"I am leaving the post of prime minister this evening with a feeling of accomplishment," Lamothe, 42, said during a televised speech, touting his government's "remarkable" record, which he said included reduced poverty and a 50 percent drop in crime.
President Michel Martelly said earlier he accepted the findings of the commission that had recommended Lamothe’s replacement.
Martelly appointed Lamothe as prime minister in 2012, and some political analysts believe Lamothe might seek the presidency in upcoming elections.
Lamothe’s resignation complicates the current political situation because nominations for a new prime minister require approval from Parliament and it is unclear whether someone would be nominated before Parliament is dissolved in January, said Michael Deibert, author of “Notes from the Last Testament: The Struggle for Haiti.”
He noted that Lamothe was Martelly’s third nomination for prime minister during a drawn-out selection process.
“Without a functioning Parliament and without a prime minister, I’m afraid it could be a tumultuous time in January,” Deibert said in a telephone interview from Cap-Haitien.
He warned that political instability would undermine confidence in the government and the confidence that the international community has in Haiti in terms of investment.
“That’s not an image that Haiti wants to project to the world,” Deibert said.
Haiti’s capital has endured a growing number of violent demonstrations in recent weeks during which protesters have demanded the holding of elections that were expected in 2011 and the resignations of Lamothe as well as Martelly.
Yesterday, one man was found dead in a protest in Port-Au-Prince during clashes with police who fired tear gas.
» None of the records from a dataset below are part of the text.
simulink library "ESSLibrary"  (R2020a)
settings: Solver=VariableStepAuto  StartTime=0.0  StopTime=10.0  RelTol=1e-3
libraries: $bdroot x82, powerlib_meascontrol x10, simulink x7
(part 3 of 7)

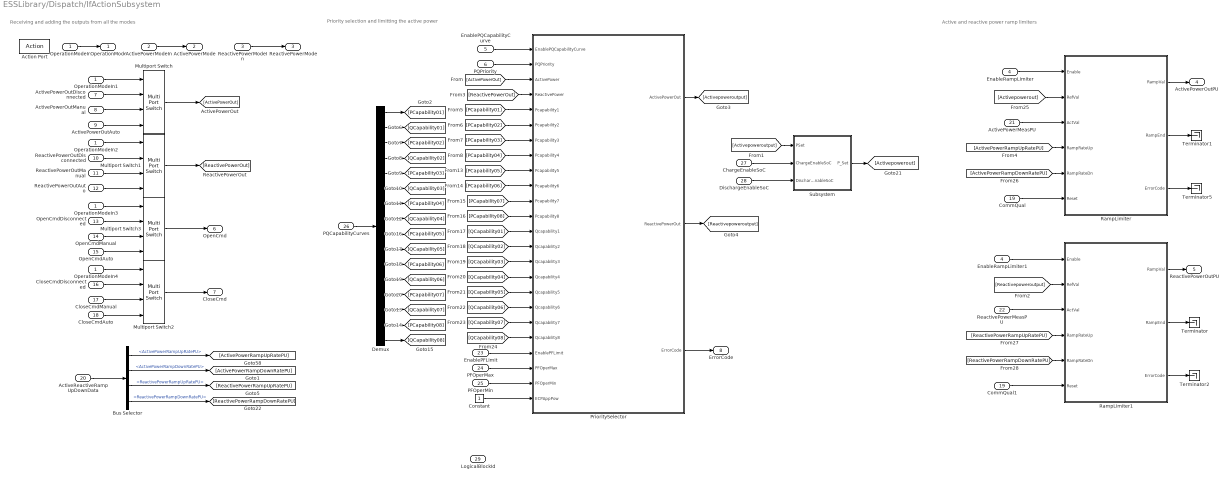
== system ESSLibrary/Dispatch/IfActionSubsystem ==
  note: Active and reactive power ramp limiters
  note: Priority selection and limitting the active power
  note: Receiving and adding the outputs from all the modes
  OperationModeIn : Inport  OutDataTypeStr=int8
  ActivePowerModeIn : Inport  Port=2
  ReactivePowerModeIn : Inport  Port=3
  EnableRampLimiter : Inport  Port=4
  EnablePQCapabilityCurve : Inport  Port=5
  PQPriority : Inport  Port=6
  ActivePowerOutDisconnected : Inport  Port=7
  ActivePowerOutManual : Inport  Port=8
  ActivePowerOutAuto : Inport  Port=9
  ReactivePowerOutDisconnected : Inport  Port=10
  ReactivePowerOutManual : Inport  Port=11
  ReactivePowerOutAuto : Inport  Port=12
  OpenCmdDisconnected : Inport  Port=13
  OpenCmdManual : Inport  Port=14
  OpenCmdAuto : Inport  Port=15
  CloseCmdDisconnected : Inport  Port=16
  CloseCmdManual : Inport  Port=17
  CloseCmdAuto : Inport  Port=18
  CommQual : Inport  Port=19
  ActiveReactiveRampUpDownData : Inport  Port=20  OutDataTypeStr=Bus: ActiveReactiveRampUpDownData
  ActivePowerMeasPU : Inport  Port=21
  ReactivePowerMeasPU : Inport  Port=22
  EnablePFLimit : Inport  Port=23
  PFOperMax : Inport  Port=24
  PFOperMin : Inport  Port=25
  PQCapabilityCurves : Inport  Port=26  OutDataTypeStr=double
  ChargeEnableSoC : Inport  Port=27
  DischargeEnableSoC : Inport  Port=28
  LogicalBlockId : Inport  Port=29
  Action Port : ActionPort
  Bus Selector : BusSelector  OutputSignals=ActivePowerRampUpRatePU,ActivePowerRampDownRatePU,ReactivePowerRampUpRatePU,ReactivePowerRampDownRatePU
  CommQual1 : InportShadow  Port=19
  Constant : Constant  OutDataTypeStr=double  SampleTime=-1
  Demux : Demux  Outputs=16
  EnableRampLimiter1 : InportShadow  Port=4
  Multiport Switch{,1..3} (4 alike) : MultiPortSwitch
  OperationModeIn{1..4} (4 alike) : InportShadow  OutDataTypeStr=int8
  PrioritySelector : Subsystem
  RampLimiter : MATLAB Function  TreatAsAtomicUnit=on
  RampLimiter1 : MATLAB Function  TreatAsAtomicUnit=on
  Subsystem : Subsystem
  Terminator{,1..2,5} (4 alike) : Terminator
  OperationMode : Outport
  ActivePowerMode : Outport  Port=2
  ReactivePowerMode : Outport  Port=3
  ActivePowerOutPU : Outport  Port=4
  ReactivePowerOutPU : Outport  Port=5
  OpenCmd : Outport  Port=6
  CloseCmd : Outport  Port=7
  ErrorCode : Outport  Port=8
  wires:
  Multiport Switch/1 -> [ActivePowerOut]
  Multiport Switch3/1 -> OpenCmd/1
  Multiport Switch1/1 -> [ReactivePowerOut]
  Multiport Switch2/1 -> CloseCmd/1
  OperationModeIn/1 -> OperationMode/1
  ActivePowerOutDisconnected/1 -> Multiport Switch/2
  ActivePowerOutManual/1 -> Multiport Switch/3
  ActivePowerOutAuto/1 -> Multiport Switch/4
  ReactivePowerOutAuto/1 -> Multiport Switch1/4
  ReactivePowerOutManual/1 -> Multiport Switch1/3
  ReactivePowerOutDisconnected/1 -> Multiport Switch1/2
  OpenCmdDisconnected/1 -> Multiport Switch3/2
  OpenCmdManual/1 -> Multiport Switch3/3
  OpenCmdAuto/1 -> Multiport Switch3/4
  CloseCmdAuto/1 -> Multiport Switch2/4
  CloseCmdManual/1 -> Multiport Switch2/3
  CloseCmdDisconnected/1 -> Multiport Switch2/2
  EnablePQCapabilityCurve/1 -> PrioritySelector/1(EnablePQCapabilityCurve)
  PQPriority/1 -> PrioritySelector/2(PQPriority)
  RampLimiter1/2(RampEnd) -> Terminator/1
  RampLimiter/3(ErrorCode) -> Terminator5/1
  RampLimiter/1(RampVal) -> ActivePowerOutPU/1
  EnableRampLimiter1/1 -> RampLimiter1/1(Enable)
  RampLimiter1/1(RampVal) -> ReactivePowerOutPU/1
  EnableRampLimiter/1 -> RampLimiter/1(Enable)
  PrioritySelector/1(ActivePowerOut) -> [Activepoweroutput]
  PrioritySelector/2(ReactivePowerOut) -> [Reactivepoweroutput]
  CommQual/1 -> RampLimiter/6(Reset)
  CommQual1/1 -> RampLimiter1/6(Reset)
  ActivePowerMeasPU/1 -> RampLimiter/3(ActVal)
  ReactivePowerMeasPU/1 -> RampLimiter1/3(ActVal)
  [ActivePowerOut] -> PrioritySelector/3(ActivePower)
  [ReactivePowerOut] -> PrioritySelector/4(ReactivePower)
  [ActivePowerRampUpRatePU] -> RampLimiter/4(RampRateUp)
  [ActivePowerRampDownRatePU] -> RampLimiter/5(RampRateDn)
  [ReactivePowerRampDownRatePU] -> RampLimiter1/5(RampRateDn)
  [ReactivePowerRampUpRatePU] -> RampLimiter1/4(RampRateUp)
  RampLimiter/2(RampEnd) -> Terminator1/1
  RampLimiter1/3(ErrorCode) -> Terminator2/1
  [Reactivepoweroutput] -> RampLimiter1/2(RefVal)
  EnablePFLimit/1 -> PrioritySelector/21(EnablePFLimit)
  PFOperMax/1 -> PrioritySelector/22(PFOperMax)
  PFOperMin/1 -> PrioritySelector/23(PFOperMin)
  PQCapabilityCurves/1 -> Demux/1
  Demux/1 -> [PCapability01]
  Demux/2 -> [QCapability01]
  Demux/3 -> [PCapability02]
  Demux/4 -> [QCapability02]
  Demux/5 -> [PCapability03]
  Demux/6 -> [QCapability03]
  Demux/7 -> [PCapability04]
  Demux/8 -> [QCapability04]
  Demux/9 -> [PCapability05]
  Demux/10 -> [QCapability05]
  Demux/11 -> [PCapability06]
  Demux/12 -> [QCapability06]
  Demux/13 -> [PCapability07]
  Demux/14 -> [QCapability07]
  Demux/15 -> [PCapability08]
  Demux/16 -> [QCapability08]
  [PCapability01] -> PrioritySelector/5(Pcapability1)
  [PCapability02] -> PrioritySelector/6(Pcapability2)
  [PCapability03] -> PrioritySelector/7(Pcapability3)
  [PCapability04] -> PrioritySelector/8(Pcapability4)
  [PCapability05] -> PrioritySelector/9(Pcapability5)
  [PCapability06] -> PrioritySelector/10(Pcapability6)
  [PCapability07] -> PrioritySelector/11(Pcapability7)
  [PCapability08] -> PrioritySelector/12(Pcapability8)
  [QCapability01] -> PrioritySelector/13(Qcapability1)
  [QCapability02] -> PrioritySelector/14(Qcapability2)
  [QCapability03] -> PrioritySelector/15(Qcapability3)
  [QCapability05] -> PrioritySelector/17(Qcapability5)
  [QCapability04] -> PrioritySelector/16(Qcapability4)
  [QCapability06] -> PrioritySelector/18(Qcapability6)
  [QCapability07] -> PrioritySelector/19(Qcapability7)
  [QCapability08] -> PrioritySelector/20(Qcapability8)
  [Activepoweroutput] -> Subsystem/1(PSet)
  ChargeEnableSoC/1 -> Subsystem/2(ChargeEnableSoC)
  DischargeEnableSoC/1 -> Subsystem/3(DischargeEnableSoC)
  [Activepowerout] -> RampLimiter/2(RefVal)
  PrioritySelector/3(ErrorCode) -> ErrorCode/1
  Subsystem/1(P_Set) -> [Activepowerout]
  ActivePowerModeIn/1 -> ActivePowerMode/1
  ReactivePowerModeIn/1 -> ReactivePowerMode/1
  Constant/1 -> PrioritySelector/24(ECPAppPow)
  OperationModeIn1/1 -> Multiport Switch/1
  OperationModeIn2/1 -> Multiport Switch1/1
  OperationModeIn3/1 -> Multiport Switch3/1
  OperationModeIn4/1 -> Multiport Switch2/1
  ActiveReactiveRampUpDownData/1 -> Bus Selector/1
  Bus Selector/1 -> [ActivePowerRampUpRatePU]  "<ActivePowerRampUpRatePU>"
  Bus Selector/2 -> [ActivePowerRampDownRatePU]  "<ActivePowerRampDownRatePU>"
  Bus Selector/3 -> [ReactivePowerRampUpRatePU]  "<ReactivePowerRampUpRatePU>"
  Bus Selector/4 -> [ReactivePowerRampDownRatePU]  "<ReactivePowerRampDownRatePU>"

== system ESSLibrary/Divider/ElseActionSubsystem ==
  Action Port : ActionPort
  Constant1 : Constant  Value=0  OutDataTypeStr=int64  SampleTime=-1
  Constant11 : Constant  Value=0  OutDataTypeStr=boolean  SampleTime=-1
  Constant2 : Constant  Value=0  OutDataTypeStr=double  SampleTime=-1
  Quality : Outport  OutDataTypeStr=boolean
  Out : Outport  Port=2  OutDataTypeStr=double
  ErrorCode : Outport  Port=3  OutDataTypeStr=int64
  wires:
  Constant2/1 -> Out/1
  Constant1/1 -> ErrorCode/1
  Constant11/1 -> Quality/1

== system ESSLibrary/Divider/IfActionSubsystem ==
  Numerator : Inport  OutDataTypeStr=double
  Denominator : Inport  Port=2  OutDataTypeStr=double
  Action Port : ActionPort
  Constant1 : Constant  OutDataTypeStr=int64  SampleTime=-1
  Constant11 : Constant  Value=0  SampleTime=-1
  Constant2 : Constant  Value=0  OutDataTypeStr=int64  SampleTime=-1
  Divide8 : Product  Inputs=*/
  NOT : Logic  Operator=NOT  IconShape=distinctive  AllPortsSameDT=off  OutDataTypeStr=boolean
  NOT1 : Logic  Operator=NOT  IconShape=distinctive  AllPortsSameDT=off  OutDataTypeStr=boolean
  Subsystem : Subsystem
  Switch1 : Switch  Criteria=u2 ~= 0
  Switch11 : Switch  Criteria=u2 ~= 0
  Quality : Outport  OutDataTypeStr=boolean
  Out : Outport  Port=2  OutDataTypeStr=double
  ErrorCode : Outport  Port=3  OutDataTypeStr=int64
  wires:
  [Quality2] -> NOT/1
  [Quality2] -> Quality/1
  Denominator/1 -> Subsystem/1(Denominator)
  [Divisor] -> Divide8/2
  NOT/1 -> Switch11/2
  Divide8/1 -> Switch11/1
  Constant1/1 -> Switch1/3
  Numerator/1 -> Divide8/1
  Constant2/1 -> Switch1/1
  Subsystem/2(Quality) -> [Quality2]
  NOT1/1 -> Switch1/2
  Constant11/1 -> Switch11/3
  [Quality2] -> NOT1/1
  Switch11/1 -> Out/1
  Subsystem/1(Divisor) -> [Divisor]
  Switch1/1 -> ErrorCode/1

== system ESSLibrary/DroopResponse_Points/If Action Subsystem ==
  ActVal : Inport
  Xdata : Inport  Port=2
  Ydata : Inport  Port=3
  Action Port : ActionPort
  MATLAB Function1 : MATLAB Function  TreatAsAtomicUnit=on
  Interpol : Outport
  ErrorCode : Outport  Port=2
  wires:
  MATLAB Function1/1(Interpol) -> Interpol/1
  ActVal/1 -> MATLAB Function1/1(ActVal)
  Xdata/1 -> MATLAB Function1/2(Xdata)
  Ydata/1 -> MATLAB Function1/3(Ydata)
  MATLAB Function1/2(ErrorCode) -> ErrorCode/1

== system ESSLibrary/DroopResponse_Points/If Action Subsystem2 ==
  Action Port : ActionPort
  Constant : Constant  Value=0  SampleTime=-1
  Out : Outport
  ErrorCode : Outport  Port=2
  wires:
  Constant/1 -> Out/1, ErrorCode/1

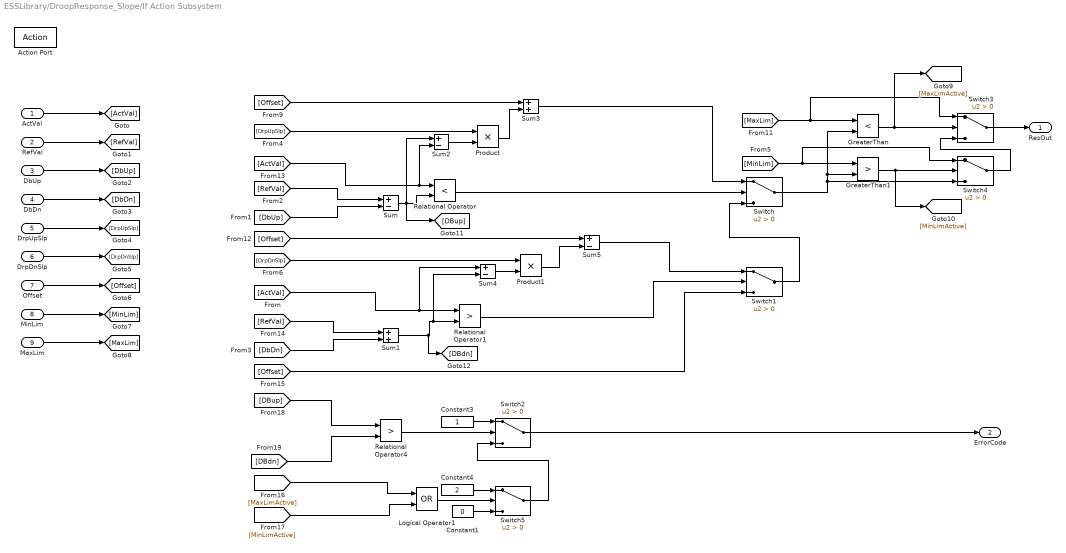
== system ESSLibrary/DroopResponse_Slope/If Action Subsystem ==
  ActVal : Inport
  RefVal : Inport  Port=2
  DbUp : Inport  Port=3
  DbDn : Inport  Port=4
  DrpUpSlp : Inport  Port=5
  DrpDnSlp : Inport  Port=6
  Offset : Inport  Port=7
  MinLim : Inport  Port=8
  MaxLim : Inport  Port=9
  Action Port : ActionPort
  Constant1 : Constant  Value=0
  Constant3 : Constant
  Constant4 : Constant  Value=2
  GreaterThan : RelationalOperator  Operator=<  OutDataTypeStr=boolean  RndMeth=Simplest
  GreaterThan1 : RelationalOperator  Operator=>  OutDataTypeStr=boolean  RndMeth=Simplest
  Logical Operator1 : Logic  Operator=OR  AllPortsSameDT=off  OutDataTypeStr=boolean
  Product : Product
  Product1 : Product
  Relational Operator : RelationalOperator  Operator=<  OutDataTypeStr=boolean  RndMeth=Simplest
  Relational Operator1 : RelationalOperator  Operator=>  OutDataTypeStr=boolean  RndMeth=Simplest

It was not immediately clear how the man died, but he was shot at least once in the wrist.
Demonstrations also spread to other towns, including Gonaives and Cap-Haitien.
The unrest followed a demonstration Friday in which U.N. peacekeeping troops opened fire on a crowd that marched through Port-au-Prince, set tires on fire and skirmished with troops and police.
Martelly’s administration blamed the delay in holding elections on six opposition senators who contend legislation that would authorize the vote unfairly favors the government.
The commission set up to break the impasse recommended that Lamothe resign, along with the head of the Supreme Court and current members of Haiti’s Provisional Electoral Council. It also called for the release of several “political prisoners.”
Martelly said he would meet tomorrow with government officials to discuss the commission’s report.
Administration officials have insisted the government wants to hold the elections.
The terms of 10 senators expire in mid-January and Parliament will be dissolved, meaning Martelly would rule by decree.
In the meantime, Haiti's emboldened opposition welcomed the resignation Sunday of Prime Minister Laurent Lamothe, who faced repeated calls to go over the failure to hold legislative elections in the past three years.
The increasingly unpopular Lamothe's resignation had been widely expected after President Michel Martelly said Friday that his cabinet chief was ready to leave "to help find a solution" to the Caribbean country's dragging political impasse.
But it remains to be seen whether Lamothe's decision to quit will have that effect, in the poorest country in the Western hemisphere and one with a checkered history of dictatorship and violent protests.
If elections are not held before January 12, the legislature will be automatically dissolved and Martelly can rule by decree. His critics have warned he could send back Haiti to dictatorial rule and also are demanding that he resign.
A commission set up by the president has recommended forming a consensus government including opposition members, disbanding Haiti's electoral council and freeing political prisoners.